Over the next three decades, while working with people dealing with problems such as agoraphobia, bereavement, depression, psychosis, attention-deficit hyperactivity disorder, and trauma, he further developed and fleshed out how and why these emotionally moving, often playful "re-authoring conversations" work so well. Unrelated to "narrative medicine" or therapies that use stories in a general way, narrative therapy as developed by Michael White and his associates brings particular breadth, rigor, subtlety, and clinical acumen to working with the stories of people's lives, attending meticulously to which stories are focused upon and what effect those stories have. His prolific body of work stands as a foundation of narrative therapy, summarized and systematically presented for the first time in this brilliant new book.

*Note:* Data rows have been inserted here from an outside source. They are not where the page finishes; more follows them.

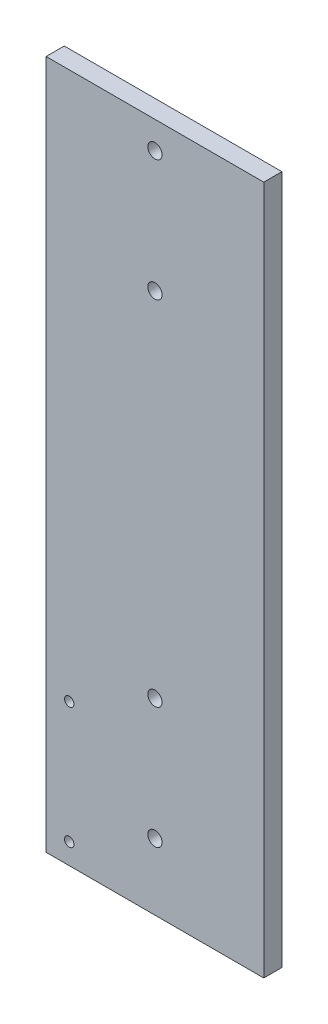
ISO-10303-21;
HEADER;
FILE_DESCRIPTION(('STEP AP214'),'2;1');
FILE_NAME('part.step','',(''),(''),'','','');
FILE_SCHEMA(('AUTOMOTIVE_DESIGN { 1 0 10303 214 1 1 1 1 }'));
ENDSEC;
DATA;
#1=APPLICATION_CONTEXT('core data for automotive mechanical design processes');
#2=APPLICATION_PROTOCOL_DEFINITION('international standard','automotive_design',2000,#1);
#3=PRODUCT_CONTEXT('',#1,'mechanical');
#4=PRODUCT('Part','Part','',(#3));
#5=PRODUCT_RELATED_PRODUCT_CATEGORY('part','',(#4));
#6=PRODUCT_DEFINITION_FORMATION('','',#4);
#7=PRODUCT_DEFINITION_CONTEXT('part definition',#1,'design');
#8=PRODUCT_DEFINITION('design','',#6,#7);
#9=PRODUCT_DEFINITION_SHAPE('','',#8);
#10=(LENGTH_UNIT() NAMED_UNIT(*) SI_UNIT(.MILLI.,.METRE.));
#11=(NAMED_UNIT(*) PLANE_ANGLE_UNIT() SI_UNIT($,.RADIAN.));
#12=(NAMED_UNIT(*) SI_UNIT($,.STERADIAN.) SOLID_ANGLE_UNIT());
#13=UNCERTAINTY_MEASURE_WITH_UNIT(LENGTH_MEASURE(1.E-05),#10,'distance_accuracy_value','');
#14=(GEOMETRIC_REPRESENTATION_CONTEXT(3) GLOBAL_UNCERTAINTY_ASSIGNED_CONTEXT((#13)) GLOBAL_UNIT_ASSIGNED_CONTEXT((#10,
#11,#12)) REPRESENTATION_CONTEXT('',''));
#15=CARTESIAN_POINT('',(0.,0.,0.));
#16=DIRECTION('',(0.,0.,1.));
#17=DIRECTION('',(1.,0.,0.));
#18=AXIS2_PLACEMENT_3D('',#15,#16,#17);
#19=CARTESIAN_POINT('',(-38.1,120.65,6.35));
#20=DIRECTION('',(1.,0.,0.));
#21=DIRECTION('',(0.,1.,0.));
#22=AXIS2_PLACEMENT_3D('',#19,#20,#21);
#23=PLANE('',#22);
#24=DIRECTION('',(0.,-1.,0.));
#25=VECTOR('',#24,1.);
#26=CARTESIAN_POINT('',(-38.1,120.65,0.));
#27=LINE('',#26,#25);
#28=CARTESIAN_POINT('',(-38.1,120.65,0.));
#29=VERTEX_POINT('',#28);
#30=CARTESIAN_POINT('',(-38.1,-120.65,0.));
#31=VERTEX_POINT('',#30);
#32=EDGE_CURVE('E97',#29,#31,#27,.T.);
#33=ORIENTED_EDGE('',*,*,#32,.T.);
#34=DIRECTION('',(0.,0.,-1.));
#35=VECTOR('',#34,1.);
#36=CARTESIAN_POINT('',(-38.1,-120.65,6.35));
#37=LINE('',#36,#35);
#38=CARTESIAN_POINT('',(-38.1,-120.65,6.35));
#39=VERTEX_POINT('',#38);
#40=EDGE_CURVE('E11',#39,#31,#37,.T.);
#41=ORIENTED_EDGE('',*,*,#40,.F.);
#42=DIRECTION('',(0.,-1.,0.));
#43=VECTOR('',#42,1.);
#44=CARTESIAN_POINT('',(-38.1,120.65,6.35));
#45=LINE('',#44,#43);
#46=CARTESIAN_POINT('',(-38.1,120.65,6.35));
#47=VERTEX_POINT('',#46);
#48=EDGE_CURVE('E85',#47,#39,#45,.T.);
#49=ORIENTED_EDGE('',*,*,#48,.F.);
#50=DIRECTION('',(0.,0.,-1.));
#51=VECTOR('',#50,1.);
#52=CARTESIAN_POINT('',(-38.1,120.65,6.35));
#53=LINE('',#52,#51);
#54=EDGE_CURVE('E93',#47,#29,#53,.T.);
#55=ORIENTED_EDGE('',*,*,#54,.T.);
#56=EDGE_LOOP('',(#33,#41,#49,#55));
#57=FACE_BOUND('',#56,.T.);
#58=ADVANCED_FACE('F34',(#57),#23,.F.);
#59=CARTESIAN_POINT('',(38.1,-120.65,6.35));
#60=DIRECTION('',(0.,1.,0.));
#61=DIRECTION('',(0.,0.,1.));
#62=AXIS2_PLACEMENT_3D('',#59,#60,#61);
#63=PLANE('',#62);
#64=DIRECTION('',(1.,0.,0.));
#65=VECTOR('',#64,1.);
#66=CARTESIAN_POINT('',(38.1,-120.65,0.));
#67=LINE('',#66,#65);
#68=CARTESIAN_POINT('',(38.1,-120.65,0.));
#69=VERTEX_POINT('',#68);
#70=EDGE_CURVE('E89',#31,#69,#67,.T.);
#71=ORIENTED_EDGE('',*,*,#70,.T.);
#72=DIRECTION('',(0.,0.,-1.));
#73=VECTOR('',#72,1.);
#74=CARTESIAN_POINT('',(38.1,-120.65,6.35));
#75=LINE('',#74,#73);
#76=CARTESIAN_POINT('',(38.1,-120.65,6.35));
#77=VERTEX_POINT('',#76);
#78=EDGE_CURVE('E42',#77,#69,#75,.T.);
#79=ORIENTED_EDGE('',*,*,#78,.F.);
#80=DIRECTION('',(1.,0.,0.));
#81=VECTOR('',#80,1.);
#82=CARTESIAN_POINT('',(38.1,-120.65,6.35));
#83=LINE('',#82,#81);
#84=EDGE_CURVE('E80',#39,#77,#83,.T.);
#85=ORIENTED_EDGE('',*,*,#84,.F.);
#86=ORIENTED_EDGE('',*,*,#40,.T.);
#87=EDGE_LOOP('',(#71,#79,#85,#86));
#88=FACE_BOUND('',#87,.T.);
#89=ADVANCED_FACE('F88',(#88),#63,.F.);
#90=CARTESIAN_POINT('',(38.1,120.65,6.35));
#91=DIRECTION('',(-1.,0.,0.));
#92=DIRECTION('',(0.,-1.,0.));
#93=AXIS2_PLACEMENT_3D('',#90,#91,#92);
#94=PLANE('',#93);
#95=DIRECTION('',(0.,1.,0.));
#96=VECTOR('',#95,1.);
#97=CARTESIAN_POINT('',(38.1,120.65,0.));
#98=LINE('',#97,#96);
#99=CARTESIAN_POINT('',(38.1,120.65,0.));
#100=VERTEX_POINT('',#99);
#101=EDGE_CURVE('E67',#69,#100,#98,.T.);
#102=ORIENTED_EDGE('',*,*,#101,.T.);
#103=DIRECTION('',(0.,0.,-1.));
#104=VECTOR('',#103,1.);
#105=CARTESIAN_POINT('',(38.1,120.65,6.35));
#106=LINE('',#105,#104);
#107=CARTESIAN_POINT('',(38.1,120.65,6.35));
#108=VERTEX_POINT('',#107);
#109=EDGE_CURVE('E90',#108,#100,#106,.T.);
#110=ORIENTED_EDGE('',*,*,#109,.F.);
#111=DIRECTION('',(0.,1.,0.));
#112=VECTOR('',#111,1.);
#113=CARTESIAN_POINT('',(38.1,120.65,6.35));
#114=LINE('',#113,#112);
#115=EDGE_CURVE('E83',#77,#108,#114,.T.);
#116=ORIENTED_EDGE('',*,*,#115,.F.);
#117=ORIENTED_EDGE('',*,*,#78,.T.);
#118=EDGE_LOOP('',(#102,#110,#116,#117));
#119=FACE_BOUND('',#118,.T.);
#120=ADVANCED_FACE('F91',(#119),#94,.F.);
#121=CARTESIAN_POINT('',(38.1,120.65,6.35));
#122=DIRECTION('',(0.,-1.,0.));
#123=DIRECTION('',(0.,0.,-1.));
#124=AXIS2_PLACEMENT_3D('',#121,#122,#123);
#125=PLANE('',#124);
#126=DIRECTION('',(-1.,0.,0.));
#127=VECTOR('',#126,1.);
#128=CARTESIAN_POINT('',(38.1,120.65,0.));
#129=LINE('',#128,#127);
#130=EDGE_CURVE('E73',#100,#29,#129,.T.);
#131=ORIENTED_EDGE('',*,*,#130,.T.);
#132=ORIENTED_EDGE('',*,*,#54,.F.);
#133=DIRECTION('',(-1.,0.,0.));
#134=VECTOR('',#133,1.);
#135=CARTESIAN_POINT('',(38.1,120.65,6.35));
#136=LINE('',#135,#134);
#137=EDGE_CURVE('E50',#108,#47,#136,.T.);
#138=ORIENTED_EDGE('',*,*,#137,.F.);
#139=ORIENTED_EDGE('',*,*,#109,.T.);
#140=EDGE_LOOP('',(#131,#132,#138,#139));
#141=FACE_BOUND('',#140,.T.);
#142=ADVANCED_FACE('F105',(#141),#125,.F.);
#143=CARTESIAN_POINT('',(0.,0.,6.35));
#144=DIRECTION('',(0.,0.,-1.));
#145=DIRECTION('',(-1.,0.,0.));
#146=AXIS2_PLACEMENT_3D('',#143,#144,#145);
#147=PLANE('',#146);
#148=CARTESIAN_POINT('',(-30.,-70.875,6.35));
#149=DIRECTION('',(0.,0.,1.));
#150=DIRECTION('',(1.,0.,0.));
#151=AXIS2_PLACEMENT_3D('',#148,#149,#150);
#152=CIRCLE('',#151,1.65);
#153=CARTESIAN_POINT('',(-28.35,-70.875,6.35));
#154=VERTEX_POINT('',#153);
#155=EDGE_CURVE('E143',#154,#154,#152,.T.);
#156=ORIENTED_EDGE('',*,*,#155,.F.);
#157=EDGE_LOOP('',(#156));
#158=FACE_BOUND('',#157,.T.);
#159=CARTESIAN_POINT('',(-30.,-113.375,6.35));
#160=DIRECTION('',(0.,0.,1.));
#161=DIRECTION('',(1.,0.,0.));
#162=AXIS2_PLACEMENT_3D('',#159,#160,#161);
#163=CIRCLE('',#162,1.65);
#164=CARTESIAN_POINT('',(-28.35,-113.375,6.35));
#165=VERTEX_POINT('',#164);
#166=EDGE_CURVE('E137',#165,#165,#163,.T.);
#167=ORIENTED_EDGE('',*,*,#166,.F.);
#168=EDGE_LOOP('',(#167));
#169=FACE_BOUND('',#168,.T.);
#170=CARTESIAN_POINT('',(0.,-97.375,6.35));
#171=DIRECTION('',(0.,0.,1.));
#172=DIRECTION('',(1.,0.,0.));
#173=AXIS2_PLACEMENT_3D('',#170,#171,#172);
#174=CIRCLE('',#173,2.49999999999999);
#175=CARTESIAN_POINT('',(2.49999999999997,-97.375,6.35));
#176=VERTEX_POINT('',#175);
#177=EDGE_CURVE('E131',#176,#176,#174,.T.);
#178=ORIENTED_EDGE('',*,*,#177,.F.);
#179=EDGE_LOOP('',(#178));
#180=FACE_BOUND('',#179,.T.);
#181=CARTESIAN_POINT('',(0.,111.125,6.35));
#182=DIRECTION('',(0.,0.,1.));
#183=DIRECTION('',(1.,0.,0.));
#184=AXIS2_PLACEMENT_3D('',#181,#182,#183);
#185=CIRCLE('',#184,2.49999999999999);
#186=CARTESIAN_POINT('',(2.49999999999999,111.125,6.35));
#187=VERTEX_POINT('',#186);
#188=EDGE_CURVE('E125',#187,#187,#185,.T.);
#189=ORIENTED_EDGE('',*,*,#188,.F.);
#190=EDGE_LOOP('',(#189));
#191=FACE_BOUND('',#190,.T.);
#192=CARTESIAN_POINT('',(0.,-54.875,6.35));
#193=DIRECTION('',(0.,0.,1.));
#194=DIRECTION('',(1.,0.,0.));
#195=AXIS2_PLACEMENT_3D('',#192,#193,#194);
#196=CIRCLE('',#195,2.49999999999999);
#197=CARTESIAN_POINT('',(2.49999999999996,-54.875,6.35));
#198=VERTEX_POINT('',#197);
#199=EDGE_CURVE('E119',#198,#198,#196,.T.);
#200=ORIENTED_EDGE('',*,*,#199,.F.);
#201=EDGE_LOOP('',(#200));
#202=FACE_BOUND('',#201,.T.);
#203=CARTESIAN_POINT('',(0.,68.625,6.35));
#204=DIRECTION('',(0.,0.,1.));
#205=DIRECTION('',(1.,0.,0.));
#206=AXIS2_PLACEMENT_3D('',#203,#204,#205);
#207=CIRCLE('',#206,2.49999999999999);
#208=CARTESIAN_POINT('',(2.49999999999999,68.625,6.35));
#209=VERTEX_POINT('',#208);
#210=EDGE_CURVE('E113',#209,#209,#207,.T.);
#211=ORIENTED_EDGE('',*,*,#210,.F.);
#212=EDGE_LOOP('',(#211));
#213=FACE_BOUND('',#212,.T.);
#214=ORIENTED_EDGE('',*,*,#48,.T.);
#215=ORIENTED_EDGE('',*,*,#84,.T.);
#216=ORIENTED_EDGE('',*,*,#115,.T.);
#217=ORIENTED_EDGE('',*,*,#137,.T.);
#218=EDGE_LOOP('',(#214,#215,#216,#217));
#219=FACE_BOUND('',#218,.T.);
#220=ADVANCED_FACE('F81',(#158,#169,#180,#191,#202,#213,#219),#147,.F.);
#221=CARTESIAN_POINT('',(0.,0.,0.));
#222=DIRECTION('',(0.,0.,-1.));
#223=DIRECTION('',(-1.,0.,0.));
#224=AXIS2_PLACEMENT_3D('',#221,#222,#223);
#225=PLANE('',#224);
#226=CARTESIAN_POINT('',(-30.,-70.875,0.));
#227=DIRECTION('',(0.,0.,1.));
#228=DIRECTION('',(1.,0.,0.));
#229=AXIS2_PLACEMENT_3D('',#226,#227,#228);
#230=CIRCLE('',#229,1.65);
#231=CARTESIAN_POINT('',(-28.35,-70.875,0.));
#232=VERTEX_POINT('',#231);
#233=EDGE_CURVE('E140',#232,#232,#230,.T.);
#234=ORIENTED_EDGE('',*,*,#233,.T.);
#235=EDGE_LOOP('',(#234));
#236=FACE_BOUND('',#235,.T.);
#237=CARTESIAN_POINT('',(-30.,-113.375,0.));
#238=DIRECTION('',(0.,0.,1.));
#239=DIRECTION('',(1.,0.,0.));
#240=AXIS2_PLACEMENT_3D('',#237,#238,#239);
#241=CIRCLE('',#240,1.65);
#242=CARTESIAN_POINT('',(-28.35,-113.375,0.));
#243=VERTEX_POINT('',#242);
#244=EDGE_CURVE('E134',#243,#243,#241,.T.);
#245=ORIENTED_EDGE('',*,*,#244,.T.);
#246=EDGE_LOOP('',(#245));
#247=FACE_BOUND('',#246,.T.);
#248=CARTESIAN_POINT('',(0.,-97.375,0.));
#249=DIRECTION('',(0.,0.,1.));
#250=DIRECTION('',(1.,0.,0.));
#251=AXIS2_PLACEMENT_3D('',#248,#249,#250);
#252=CIRCLE('',#251,2.5);
#253=CARTESIAN_POINT('',(2.49999999999997,-97.375,0.));
#254=VERTEX_POINT('',#253);
#255=EDGE_CURVE('E128',#254,#254,#252,.T.);
#256=ORIENTED_EDGE('',*,*,#255,.T.);
#257=EDGE_LOOP('',(#256));
#258=FACE_BOUND('',#257,.T.);
#259=CARTESIAN_POINT('',(0.,111.125,0.));
#260=DIRECTION('',(0.,0.,1.));
#261=DIRECTION('',(1.,0.,0.));
#262=AXIS2_PLACEMENT_3D('',#259,#260,#261);
#263=CIRCLE('',#262,2.5);
#264=CARTESIAN_POINT('',(2.5,111.125,0.));
#265=VERTEX_POINT('',#264);
#266=EDGE_CURVE('E122',#265,#265,#263,.T.);
#267=ORIENTED_EDGE('',*,*,#266,.T.);
#268=EDGE_LOOP('',(#267));
#269=FACE_BOUND('',#268,.T.);
#270=CARTESIAN_POINT('',(0.,-54.875,0.));
#271=DIRECTION('',(0.,0.,1.));
#272=DIRECTION('',(1.,0.,0.));
#273=AXIS2_PLACEMENT_3D('',#270,#271,#272);
#274=CIRCLE('',#273,2.5);
#275=CARTESIAN_POINT('',(2.49999999999997,-54.875,0.));
#276=VERTEX_POINT('',#275);
#277=EDGE_CURVE('E116',#276,#276,#274,.T.);
#278=ORIENTED_EDGE('',*,*,#277,.T.);
#279=EDGE_LOOP('',(#278));
#280=FACE_BOUND('',#279,.T.);
#281=CARTESIAN_POINT('',(0.,68.625,0.));
#282=DIRECTION('',(0.,0.,1.));
#283=DIRECTION('',(1.,0.,0.));
#284=AXIS2_PLACEMENT_3D('',#281,#282,#283);
#285=CIRCLE('',#284,2.5);
#286=CARTESIAN_POINT('',(2.5,68.625,0.));
#287=VERTEX_POINT('',#286);
#288=EDGE_CURVE('E100',#287,#287,#285,.T.);
#289=ORIENTED_EDGE('',*,*,#288,.T.);
#290=EDGE_LOOP('',(#289));
#291=FACE_BOUND('',#290,.T.);
#292=ORIENTED_EDGE('',*,*,#32,.F.);
#293=ORIENTED_EDGE('',*,*,#130,.F.);
#294=ORIENTED_EDGE('',*,*,#101,.F.);
#295=ORIENTED_EDGE('',*,*,#70,.F.);
#296=EDGE_LOOP('',(#292,#293,#294,#295));
#297=FACE_BOUND('',#296,.T.);
#298=ADVANCED_FACE('F108',(#236,#247,#258,#269,#280,#291,#297),#225,.T.);
#299=CARTESIAN_POINT('',(0.,68.625,6.35));
#300=DIRECTION('',(0.,0.,1.));
#301=DIRECTION('',(1.,0.,0.));
#302=AXIS2_PLACEMENT_3D('',#299,#300,#301);
#303=CYLINDRICAL_SURFACE('',#302,2.49999999999999);
#304=ORIENTED_EDGE('',*,*,#288,.F.);
#305=EDGE_LOOP('',(#304));
#306=FACE_BOUND('',#305,.T.);
#307=ORIENTED_EDGE('',*,*,#210,.T.);
#308=EDGE_LOOP('',(#307));
#309=FACE_BOUND('',#308,.T.);
#310=ADVANCED_FACE('F162',(#306,#309),#303,.F.);
#311=CARTESIAN_POINT('',(0.,-54.875,6.35));
#312=DIRECTION('',(0.,0.,1.));
#313=DIRECTION('',(1.,0.,0.));
#314=AXIS2_PLACEMENT_3D('',#311,#312,#313);
#315=CYLINDRICAL_SURFACE('',#314,2.49999999999999);
#316=ORIENTED_EDGE('',*,*,#277,.F.);
#317=EDGE_LOOP('',(#316));
#318=FACE_BOUND('',#317,.T.);
#319=ORIENTED_EDGE('',*,*,#199,.T.);
#320=EDGE_LOOP('',(#319));
#321=FACE_BOUND('',#320,.T.);
#322=ADVANCED_FACE('F164',(#318,#321),#315,.F.);
#323=CARTESIAN_POINT('',(0.,111.125,6.35));
#324=DIRECTION('',(0.,0.,1.));
#325=DIRECTION('',(1.,0.,0.));
#326=AXIS2_PLACEMENT_3D('',#323,#324,#325);
#327=CYLINDRICAL_SURFACE('',#326,2.49999999999999);
#328=ORIENTED_EDGE('',*,*,#266,.F.);
#329=EDGE_LOOP('',(#328));
#330=FACE_BOUND('',#329,.T.);
#331=ORIENTED_EDGE('',*,*,#188,.T.);
#332=EDGE_LOOP('',(#331));
#333=FACE_BOUND('',#332,.T.);
#334=ADVANCED_FACE('F171',(#330,#333),#327,.F.);
#335=CARTESIAN_POINT('',(0.,-97.375,6.35));
#336=DIRECTION('',(0.,0.,1.));
#337=DIRECTION('',(1.,0.,0.));
#338=AXIS2_PLACEMENT_3D('',#335,#336,#337);
#339=CYLINDRICAL_SURFACE('',#338,2.49999999999999);
#340=ORIENTED_EDGE('',*,*,#255,.F.);
#341=EDGE_LOOP('',(#340));
#342=FACE_BOUND('',#341,.T.);
#343=ORIENTED_EDGE('',*,*,#177,.T.);
#344=EDGE_LOOP('',(#343));
#345=FACE_BOUND('',#344,.T.);
#346=ADVANCED_FACE('F213',(#342,#345),#339,.F.);
#347=CARTESIAN_POINT('',(-30.,-113.375,6.35));
#348=DIRECTION('',(0.,0.,1.));
#349=DIRECTION('',(1.,0.,0.));
#350=AXIS2_PLACEMENT_3D('',#347,#348,#349);
#351=CYLINDRICAL_SURFACE('',#350,1.65);
#352=ORIENTED_EDGE('',*,*,#244,.F.);
#353=EDGE_LOOP('',(#352));
#354=FACE_BOUND('',#353,.T.);
#355=ORIENTED_EDGE('',*,*,#166,.T.);
#356=EDGE_LOOP('',(#355));
#357=FACE_BOUND('',#356,.T.);
#358=ADVANCED_FACE('F207',(#354,#357),#351,.F.);
#359=CARTESIAN_POINT('',(-30.,-70.875,6.35));
#360=DIRECTION('',(0.,0.,1.));
#361=DIRECTION('',(1.,0.,0.));
#362=AXIS2_PLACEMENT_3D('',#359,#360,#361);
#363=CYLINDRICAL_SURFACE('',#362,1.65);
#364=ORIENTED_EDGE('',*,*,#233,.F.);
#365=EDGE_LOOP('',(#364));
#366=FACE_BOUND('',#365,.T.);
#367=ORIENTED_EDGE('',*,*,#155,.T.);
#368=EDGE_LOOP('',(#367));
#369=FACE_BOUND('',#368,.T.);
#370=ADVANCED_FACE('F147',(#366,#369),#363,.F.);
#371=CLOSED_SHELL('',(#58,#89,#120,#142,#220,#298,#310,#322,#334,#346,#358,#370));
#372=MANIFOLD_SOLID_BREP('B2',#371);
#373=ADVANCED_BREP_SHAPE_REPRESENTATION('',(#18,#372),#14);
#374=SHAPE_DEFINITION_REPRESENTATION(#9,#373);
ENDSEC;
END-ISO-10303-21;

White maps out key territories of narrative practice, deftly linking theory with sentence-by-sentence analysis of therapeutic conversations. The book begins with the core narrative concept "externalizing the problem." White says, "When the problem becomes an entity that is separate from the person, and when people are not tied to… negative 'certainties' about their lives, new options for taking action to address the predicaments of their lives become available." Relinquishing a shameful "spoiled" identity, for example, an identity of a "crazy" person, to claim an identity as a person who is resisting and trying to overcome a challenging problem, such as "habits" or "voices," energizes and inspires clients and the clinicians working with them. Continuing in this "re-authoring" vein, the smallest successes in limiting a problem are elicited, named, fleshed out, and historicized, making available a new story of the person's knowledge and skills in coping that can be drawn from and built upon. Furthermore, discovering why a person wishes to overcome the problem (such as, "because I want to contribute something to the world") opens up new possibilities for positive developments.

Narrative therapy brings the "why?" back to psychotherapy as a means to honor the importance of intentions and values in the creation of our lives, rather than examining only states, traits, drives, or biochemistry. Although White acknowledges the ways in which naturalistic explanations for people's behaviors may be beautiful (such as "it's only human to long for acknowledgement"), he sees these conclusions as therapeutic "cul-de-sacs." Rather, narrative therapy seeks to "spark a heightened state of mental activity" in which people are "stretching their minds" and "exercising their imaginations" in creating new possibilities for their lives, on the basis of what they personally give meaning to. These practices lead to movement from a problem-saturated identity to a value-based identity that supports actions that move a person closer to living as he or she prefers. Unprecedented change and growth can result. The metaphor of maps, used throughout the book, aptly captures White's detailed but nonprescriptive approach, in which he offers guidance for fruitful therapeutic inquiry while encouraging practitioners to allow conversations to be "unruly" and nonlinear.

Maps of Narrative Practice is an important text by a master. Beautifully organized and a pleasure to read, it brings theory alive with colorful transcripts of therapy in every chapter and offers examples and instructions for applying narrative practices with the full range of mental health challenges that psychiatrists and therapists may be called upon to address. Although it is an excellent, accessible introduction to the field, experienced narrative therapists will draw upon its thoroughness, precision, and subtlety to invigorate and hone their craft.

Dr. Hamkins is a psychiatrist at the Carson Center, Westfield, Massachusetts, and has a private practice in Northampton, Massachusetts.